Keigo wants to hear you moan. 
But his rut needs to fuck you wordless with satisfaction. 
"Oh, fuck," he hitches, shifting his hips back and forth to the tune of the audible shlicks below. Unable to stay upright any longer, his chest falls flush into yours in a rut-afflicted haze, rutting against you like animals. 
When he slips his cock inside, it's with a kiss to muffle his voice.
And he wastes no time setting a punishing pace, aided nicely by the slickness that coats the sides of his cock. The legs of the couch surely must be scraping indents into the floorboards, judging by the creaks that mingle with the sounds of his belt buckle at every thrust. You'd notice if either of you were lucid enough to care. 
It's a brief consideration of a possibility of an afterthought, like a sheepish voice behind a roaring crowd. 
Pulling out, that is. 
Yeah, if he were a stronger man, he could probably will his hips to stall. There's a chance someone far stronger than him would hiss when he does it. His cock would weep in denial of that sweet, velvet entanglement, dripping out in the cold when he fists himself to completion mere inches away from what might as well be the center of his goddamn universe.
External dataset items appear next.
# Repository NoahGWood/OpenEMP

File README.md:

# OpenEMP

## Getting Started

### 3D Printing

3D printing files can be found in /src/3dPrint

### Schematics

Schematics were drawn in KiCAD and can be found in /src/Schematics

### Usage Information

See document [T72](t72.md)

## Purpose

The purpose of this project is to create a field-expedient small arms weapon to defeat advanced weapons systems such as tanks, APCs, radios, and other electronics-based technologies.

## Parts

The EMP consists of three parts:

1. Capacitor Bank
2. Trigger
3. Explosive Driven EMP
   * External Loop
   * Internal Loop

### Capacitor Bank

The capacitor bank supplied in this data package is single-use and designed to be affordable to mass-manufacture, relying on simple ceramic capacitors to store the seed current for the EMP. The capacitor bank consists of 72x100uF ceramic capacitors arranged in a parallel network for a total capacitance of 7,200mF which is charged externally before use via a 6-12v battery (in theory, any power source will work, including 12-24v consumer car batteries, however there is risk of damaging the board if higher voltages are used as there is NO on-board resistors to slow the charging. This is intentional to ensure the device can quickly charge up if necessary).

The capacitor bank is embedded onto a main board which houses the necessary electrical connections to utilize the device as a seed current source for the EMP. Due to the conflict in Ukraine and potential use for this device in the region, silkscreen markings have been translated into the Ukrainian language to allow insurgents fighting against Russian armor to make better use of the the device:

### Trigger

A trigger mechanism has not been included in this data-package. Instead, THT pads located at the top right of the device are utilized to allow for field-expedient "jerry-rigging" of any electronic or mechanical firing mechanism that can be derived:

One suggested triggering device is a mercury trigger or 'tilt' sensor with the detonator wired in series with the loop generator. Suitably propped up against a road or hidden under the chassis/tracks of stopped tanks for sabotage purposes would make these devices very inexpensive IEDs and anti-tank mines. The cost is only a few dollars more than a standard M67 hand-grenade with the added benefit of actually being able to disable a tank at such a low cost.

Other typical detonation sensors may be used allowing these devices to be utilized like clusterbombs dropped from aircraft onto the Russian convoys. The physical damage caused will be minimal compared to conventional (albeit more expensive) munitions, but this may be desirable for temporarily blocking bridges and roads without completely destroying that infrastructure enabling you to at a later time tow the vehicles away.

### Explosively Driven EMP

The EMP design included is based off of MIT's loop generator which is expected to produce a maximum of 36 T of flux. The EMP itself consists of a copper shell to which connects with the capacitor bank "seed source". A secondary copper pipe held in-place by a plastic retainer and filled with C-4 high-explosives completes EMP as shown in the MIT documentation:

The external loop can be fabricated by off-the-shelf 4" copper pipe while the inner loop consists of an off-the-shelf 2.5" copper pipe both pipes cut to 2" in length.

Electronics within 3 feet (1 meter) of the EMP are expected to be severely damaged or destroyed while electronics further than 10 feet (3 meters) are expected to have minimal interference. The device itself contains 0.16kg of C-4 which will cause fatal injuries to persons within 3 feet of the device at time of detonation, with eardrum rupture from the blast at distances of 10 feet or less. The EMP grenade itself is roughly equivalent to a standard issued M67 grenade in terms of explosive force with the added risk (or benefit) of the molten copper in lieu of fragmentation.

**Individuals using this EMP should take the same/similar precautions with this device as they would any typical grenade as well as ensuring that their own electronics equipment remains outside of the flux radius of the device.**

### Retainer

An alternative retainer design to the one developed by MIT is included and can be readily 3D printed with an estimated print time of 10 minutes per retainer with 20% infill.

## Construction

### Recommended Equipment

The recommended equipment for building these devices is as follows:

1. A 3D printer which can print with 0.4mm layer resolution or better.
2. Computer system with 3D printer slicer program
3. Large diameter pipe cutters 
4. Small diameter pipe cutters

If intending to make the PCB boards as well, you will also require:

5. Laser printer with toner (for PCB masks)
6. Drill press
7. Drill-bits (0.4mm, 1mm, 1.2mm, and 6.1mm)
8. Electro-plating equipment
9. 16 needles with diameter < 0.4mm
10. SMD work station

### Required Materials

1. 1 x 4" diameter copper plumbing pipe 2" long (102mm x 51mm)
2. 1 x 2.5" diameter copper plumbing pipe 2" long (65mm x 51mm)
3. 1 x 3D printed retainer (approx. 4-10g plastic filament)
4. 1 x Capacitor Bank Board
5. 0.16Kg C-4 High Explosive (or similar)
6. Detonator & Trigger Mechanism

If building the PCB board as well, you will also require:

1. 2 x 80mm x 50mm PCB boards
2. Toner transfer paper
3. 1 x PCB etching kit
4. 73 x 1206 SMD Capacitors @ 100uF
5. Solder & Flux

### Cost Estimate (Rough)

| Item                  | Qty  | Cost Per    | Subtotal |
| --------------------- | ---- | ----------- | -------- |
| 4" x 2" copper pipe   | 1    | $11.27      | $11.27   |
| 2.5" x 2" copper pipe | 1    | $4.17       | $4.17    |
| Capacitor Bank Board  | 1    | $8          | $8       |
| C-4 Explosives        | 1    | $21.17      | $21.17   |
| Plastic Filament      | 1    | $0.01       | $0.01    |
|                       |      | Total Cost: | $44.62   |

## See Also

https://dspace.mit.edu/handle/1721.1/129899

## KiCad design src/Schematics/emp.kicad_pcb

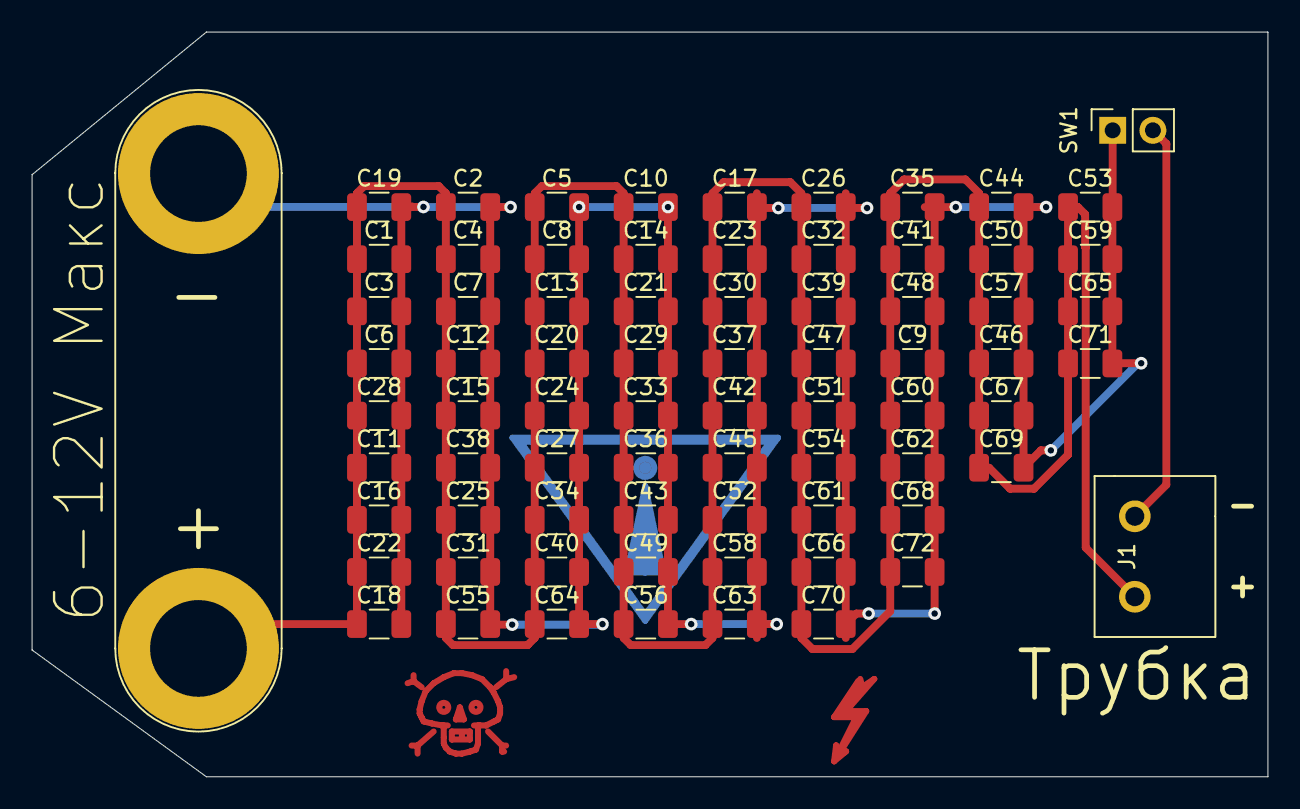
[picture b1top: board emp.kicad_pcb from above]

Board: 2 copper layers, 78.0 x 47.0 mm, 75 parts (0 on the bottom side), 3 nets.

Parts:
BT1: 9v; Banana_Jack_2Pin
C1, C2, C3, C4, C5, C6, C7, C8, C9, C10, C11, C12, C13, C14, C15, C16, C17, C18, C19, C20, C21, C22, C23, C24, C25, C26, C27, C28, C29, C30, C31, C32, C33, C34, C35, C36, C37, C38, C39, C40, C41, C42, C43, C44, C45, C46, C47, C48, C49, C50, C51, C52, C53, C54, C55, C56, C57, C58, C59, C60, C61, C62, C63, C64, C65, C66, C67, C68, C69, C70, C71, C72: 100uF; C_1206_3216Metric
J1: x; screw_terminal_02
SW1: DET; PinSocket_1x02_P2.54mm_Vertical

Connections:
+: BT1.1, C1.1, C2.1, C3.1, C4.1, C5.1, C6.1, C7.1, C8.1, C9.1, C10.1, C11.1, C12.1, C13.1, C14.1, C15.1, C16.1, C17.1, C18.1, C19.1, C20.1, C21.1, C22.1, C23.1, C24.1, C25.1, C26.1, C27.1, C28.1, C29.1, C30.1, C31.1, C32.1, C33.1, C34.1, C35.1, C36.1, C37.1, C38.1, C39.1, C40.1, C41.1, C42.1, C43.1, C44.1, C45.1, C46.1, C47.1, C48.1, C49.1, C50.1, C51.1, C52.1, C53.1, C54.1, C55.1, C56.1, C57.1, C58.1, C59.1, C60.1, C61.1, C62.1, C63.1, C64.1, C65.1, C66.1, C67.1, C68.1, C69.1, C70.1, C71.1, C72.1, J1.2
-: BT1.2, C1.2, C2.2, C3.2, C4.2, C5.2, C6.2, C7.2, C8.2, C9.2, C10.2, C11.2, C12.2, C13.2, C14.2, C15.2, C16.2, C17.2, C18.2, C19.2, C20.2, C21.2, C22.2, C23.2, C24.2, C25.2, C26.2, C27.2, C28.2, C29.2, C30.2, C31.2, C32.2, C33.2, C34.2, C35.2, C36.2, C37.2, C38.2, C39.2, C40.2, C41.2, C42.2, C43.2, C44.2, C45.2, C46.2, C47.2, C48.2, C49.2, C50.2, C51.2, C52.2, C53.2, C54.2, C55.2, C56.2, C57.2, C58.2, C59.2, C60.2, C61.2, C62.2, C63.2, C64.2, C65.2, C66.2, C67.2, C68.2, C69.2, C70.2, C71.2, C72.2, SW1.1
unnamed: J1.1, SW1.2

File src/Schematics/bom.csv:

Designator, Value,Footprint,JLCPCB Part #
J1,x,custom:screw_terminal_02,C474881
C1,100uF,Capacitor_SMD:C_1206_3216Metric,C15008
C5,100uF,Capacitor_SMD:C_1206_3216Metric,C15008
C9,100uF,Capacitor_SMD:C_1206_3216Metric,C15008
C13,100uF,Capacitor_SMD:C_1206_3216Metric,C15008
C17,100uF,Capacitor_SMD:C_1206_3216Metric,C15008
C21,100uF,Capacitor_SMD:C_1206_3216Metric,C15008
C25,100uF,Capacitor_SMD:C_1206_3216Metric,C15008
C29,100uF,Capacitor_SMD:C_1206_3216Metric,C15008
C33,100uF,Capacitor_SMD:C_1206_3216Metric,C15008
C37,100uF,Capacitor_SMD:C_1206_3216Metric,C15008
C41,100uF,Capacitor_SMD:C_1206_3216Metric,C15008
C45,100uF,Capacitor_SMD:C_1206_3216Metric,C15008
C49,100uF,Capacitor_SMD:C_1206_3216Metric,C15008
C53,100uF,Capacitor_SMD:C_1206_3216Metric,C15008
C57,100uF,Capacitor_SMD:C_1206_3216Metric,C15008
C61,100uF,Capacitor_SMD:C_1206_3216Metric,C15008
C65,100uF,Capacitor_SMD:C_1206_3216Metric,C15008
C69,100uF,Capacitor_SMD:C_1206_3216Metric,C15008
C50,100uF,Capacitor_SMD:C_1206_3216Metric,C15008
C54,100uF,Capacitor_SMD:C_1206_3216Metric,C15008
C58,100uF,Capacitor_SMD:C_1206_3216Metric,C15008
C62,100uF,Capacitor_SMD:C_1206_3216Metric,C15008
C66,100uF,Capacitor_SMD:C_1206_3216Metric,C15008
C70,100uF,Capacitor_SMD:C_1206_3216Metric,C15008
C26,100uF,Capacitor_SMD:C_1206_3216Metric,C15008
C30,100uF,Capacitor_SMD:C_1206_3216Metric,C15008
C34,100uF,Capacitor_SMD:C_1206_3216Metric,C15008
C38,100uF,Capacitor_SMD:C_1206_3216Metric,C15008
C42,100uF,Capacitor_SMD:C_1206_3216Metric,C15008
C46,100uF,Capacitor_SMD:C_1206_3216Metric,C15008
C2,100uF,Capacitor_SMD:C_1206_3216Metric,C15008
C6,100uF,Capacitor_SMD:C_1206_3216Metric,C15008
C10,100uF,Capacitor_SMD:C_1206_3216Metric,C15008
C14,100uF,Capacitor_SMD:C_1206_3216Metric,C15008
C18,100uF,Capacitor_SMD:C_1206_3216Metric,C15008
C22,100uF,Capacitor_SMD:C_1206_3216Metric,C15008
C3,100uF,Capacitor_SMD:C_1206_3216Metric,C15008
C7,100uF,Capacitor_SMD:C_1206_3216Metric,C15008
C11,100uF,Capacitor_SMD:C_1206_3216Metric,C15008
C15,100uF,Capacitor_SMD:C_1206_3216Metric,C15008
C19,100uF,Capacitor_SMD:C_1206_3216Metric,C15008
C23,100uF,Capacitor_SMD:C_1206_3216Metric,C15008
C27,100uF,Capacitor_SMD:C_1206_3216Metric,C15008
C31,100uF,Capacitor_SMD:C_1206_3216Metric,C15008
C35,100uF,Capacitor_SMD:C_1206_3216Metric,C15008
C39,100uF,Capacitor_SMD:C_1206_3216Metric,C15008
C43,100uF,Capacitor_SMD:C_1206_3216Metric,C15008
C47,100uF,Capacitor_SMD:C_1206_3216Metric,C15008
C51,100uF,Capacitor_SMD:C_1206_3216Metric,C15008
C55,100uF,Capacitor_SMD:C_1206_3216Metric,C15008
C59,100uF,Capacitor_SMD:C_1206_3216Metric,C15008
C63,100uF,Capacitor_SMD:C_1206_3216Metric,C15008
C67,100uF,Capacitor_SMD:C_1206_3216Metric,C15008
C71,100uF,Capacitor_SMD:C_1206_3216Metric,C15008
C52,100uF,Capacitor_SMD:C_1206_3216Metric,C15008
C56,100uF,Capacitor_SMD:C_1206_3216Metric,C15008
C60,100uF,Capacitor_SMD:C_1206_3216Metric,C15008
C64,100uF,Capacitor_SMD:C_1206_3216Metric,C15008
C68,100uF,Capacitor_SMD:C_1206_3216Metric,C15008
C72,100uF,Capacitor_SMD:C_1206_3216Metric,C15008
C28,100uF,Capacitor_SMD:C_1206_3216Metric,C15008
C32,100uF,Capacitor_SMD:C_1206_3216Metric,C15008
C36,100uF,Capacitor_SMD:C_1206_3216Metric,C15008
C40,100uF,Capacitor_SMD:C_1206_3216Metric,C15008
C44,100uF,Capacitor_SMD:C_1206_3216Metric,C15008
C48,100uF,Capacitor_SMD:C_1206_3216Metric,C15008
C4,100uF,Capacitor_SMD:C_1206_3216Metric,C15008
C8,100uF,Capacitor_SMD:C_1206_3216Metric,C15008
C12,100uF,Capacitor_SMD:C_1206_3216Metric,C15008
C16,100uF,Capacitor_SMD:C_1206_3216Metric,C15008
C20,100uF,Capacitor_SMD:C_1206_3216Metric,C15008
C24,100uF,Capacitor_SMD:C_1206_3216Metric,C15008

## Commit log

2022-03-12 modified: README.md new file: imgs/1g46.jpg new file: imgs/9m119.png new file: imgs/back_borad.png new file: imgs/emp_loop.png new file: imgs/fine.jpg new file: imgs/front_board.png new file: imgs/me

But when it comes to you, when it comes to his rut, Keigo is not a strong man.
He allows his cock to throb in the vice of your cunt, instead.
"God, baby," he moans into your neck, wings flapping once, twice with each thrust, shedding a few feathers before straightening out and grazing the ceiling behind his back. "Baby. Oh, baby. You're so tight. You're so— fuck!"
He's babbling, but so are you. Legs hooked across the small of his back, you bump your hips as best you can to aid in his efforts; and with your last shreds of lucidity, you decide for the both of you how things will end. 
With watery lashes, you open your eyes enough to blink away some tears and clear your vision just enough. Your gaze crawls up his legs that are still clothed to the thighs, peeking over the curvature of his ass and up his shuddering spine— all to mark onto your scarlet red prize.
When you entangle your fingers into the downy feathers at the base of his wings, it shoots straight to his cock and he spills.
With eyes wide open and a strangled choke at the back of his throat, Keigo's hips stutter when he empties himself. With every throb comes another rope from the tip, sticky and excessive from the rut, mixing with your wetness as you crash over the edge soon after.
When the ringing in your ears ceases and you finally come to, it's to the sight of your now probably-more-than-a-work-partner pulling out and staring between your legs as if under a trance, eyes glimmering.
"Kei', you okay?"
"Uh huh," he answers absentmindedly, utterly transfixed on the mess he made. 
It's strange, he thinks. Whatever urges his rut transcribed into cravings, every instinct that tugged at the avian etched in his DNA and called him to fill you pales in comparison to the satisfaction of having indulged himself at last.
His eyes flick back to meet yours.
"Does this mean I can kiss you at work now?" 
You snort. So that's where his mind goes in the end.
"It means a whole lot more than that," you say, rolling you both over so he lands square on his back.